*** DATA Section Begins ***

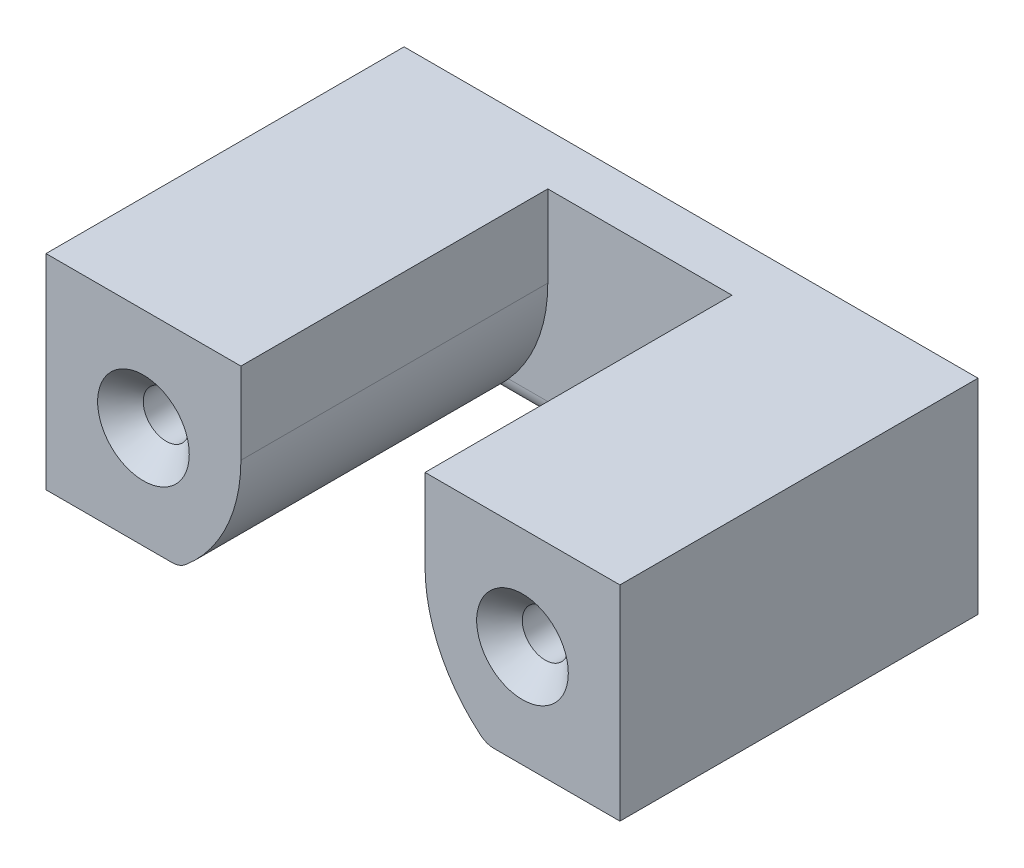
SolidWorks part; units mm, degrees
ref_plane "Спереди" through (0, 0, 0) normal (0, 0, 1) x (1, 0, 0)
ref_plane "Сверху" through (0, 0, 0) normal (0, 1, 0) x (1, 0, 0)
ref_plane "Справа" through (0, 0, 0) normal (1, 0, 0) x (0, 0, -1)
sketch "Эскиз1" plane through (0, 0, 0) normal (0, 0, 1) x (1, 0, 0)
  line L1 (0, 0) -> (56.1, 0)
  line L2 (0, 0) -> (0, 20)
  line L3 (0, 20) -> (56.1, 20)
  line L4 (56.1, 0) -> (56.1, 20)
  dimension "D1" = 56.1
  dimension "D2" = 20
extrude "Бобышка-Вытянуть1" add sketch "Эскиз1" along normal blind 5 contours L1 L4 L3 L2
sketch "Эскиз2" plane through (0, 0, 5) normal (0, 0, 1) x (1, 0, 0)
  line L0 (19.05, 20) -> (19.05, 12.0256)
  line L1 (13.6528, 0.5023) -> (13.05, 0)
  line L2 (28.05, 20) -> (28.05, 0) construction
  line L3 (37.05, 20) -> (37.05, 12.0256)
  line L4 (0, 20) -> (0, 0)
  line L5 (0, 0) -> (56.1, 0)
  line L6 (56.1, 0) -> (56.1, 20)
  line L7 (56.1, 20) -> (0, 20)
  line L8 (0, 20) -> (0, 0)
  line L9 (0, 0) -> (56.1, 0)
  line L10 (56.1, 0) -> (56.1, 20)
  line L11 (56.1, 20) -> (0, 20)
  line L12 (42.4472, 0.5023) -> (43.05, 0)
  line L13 (13.05, 0) -> (43.05, 0)
  line L14 (19.05, 20) -> (37.05, 20)
  arc A0 (13.6528, 0.5023) -> (19.05, 12.0256) centre (4.05, 12.0256) ccw
  arc A1 (42.4472, 0.5023) -> (37.05, 12.0256) centre (52.05, 12.0256) cw
  point P15 (19.05, 5)
  point P18 (37.05, 5)
  line M7 (0, 20) -> (0, 0)
  line M8 (0, 0) -> (56.1, 0)
  line M9 (56.1, 0) -> (56.1, 20)
  line M10 (56.1, 20) -> (0, 20)
  dimension "D5" = 15
  dimension "D2" = 15
  dimension "D3" = 18
  dimension "D4" = 30
  dimension "D1" = 0
extrude "Бобышка-Вытянуть2" add sketch "Эскиз2" along normal blind 30 contours L1 A0 L0 M10 M7 M8 | A1 L12 L9 L3 M9 M10 region at (9.0509, 10.4331, 5) region at (47.0491, 10.4331, 5)
sketch "Эскиз3" plane through (0, 0, 35) normal (0, 0, 1) x (1, 0, 0)
  line L0 (0, 0) -> (13.05, 0) construction
  line L1 (9.525, 20) -> (9.525, 0) construction
  line L2 (19.05, 20) -> (0, 20) construction
  line L3 (46.575, 20) -> (46.575, 0) construction
  line L4 (56.1, 20) -> (37.05, 20) construction
  line L5 (43.05, 0) -> (56.1, 0) construction
  point P0 (9.525, 10)
  point P1 (46.575, 10)
  point P9 (9.525, 10)
hole_wizard "Зенковка для  винта с потайной головкой с внутренним шестигранником M41" positions "Трехмерный эскиз1" profile "Эскиз4" countersink size "M4" standard "Ansi Metric" end condition up to next
sketch3d "Трехмерный эскиз1"
  point P0 (9.525, 10, 35)
  point P3 (46.575, 10, 35)
sketch "Эскиз4" plane through (9.525, 10, 35) normal (1, 0, 0) x (0, -1, 0)
  line L0 (0, 0) -> (0, 35)
  line L1 (0, 35) -> (2.25, 35)
  line L2 (2.25, 35) -> (2.25, 2.23)
  line L3 (2.25, 2.23) -> (4.48, 0)
  line L5 (4.48, 0) -> (0, 0)
  line L6 (-2.25, 2.23) -> (-4.48, 0) construction
  line L11 (0, -6.35) -> (0, 107.95) construction
  dimension "Диаметр сквозного отверстия" = 4.5
  dimension "Глубина сквозного отверстия" = 35
  dimension "Диаметр передней зенковки" = 8.96
  dimension "Угол передней зенковки" = 90
fillet "Скругление1" radius 2 3 edges at (28.05, 0, 5) (43.05, 0, 20) (13.05, 0, 20)

*** DATA Section Ends ***

_PROBLEM_. Exactly how many lines of the records include "dimension"? Provide the number by itself.

_WRITTEN SOLUTION_. 11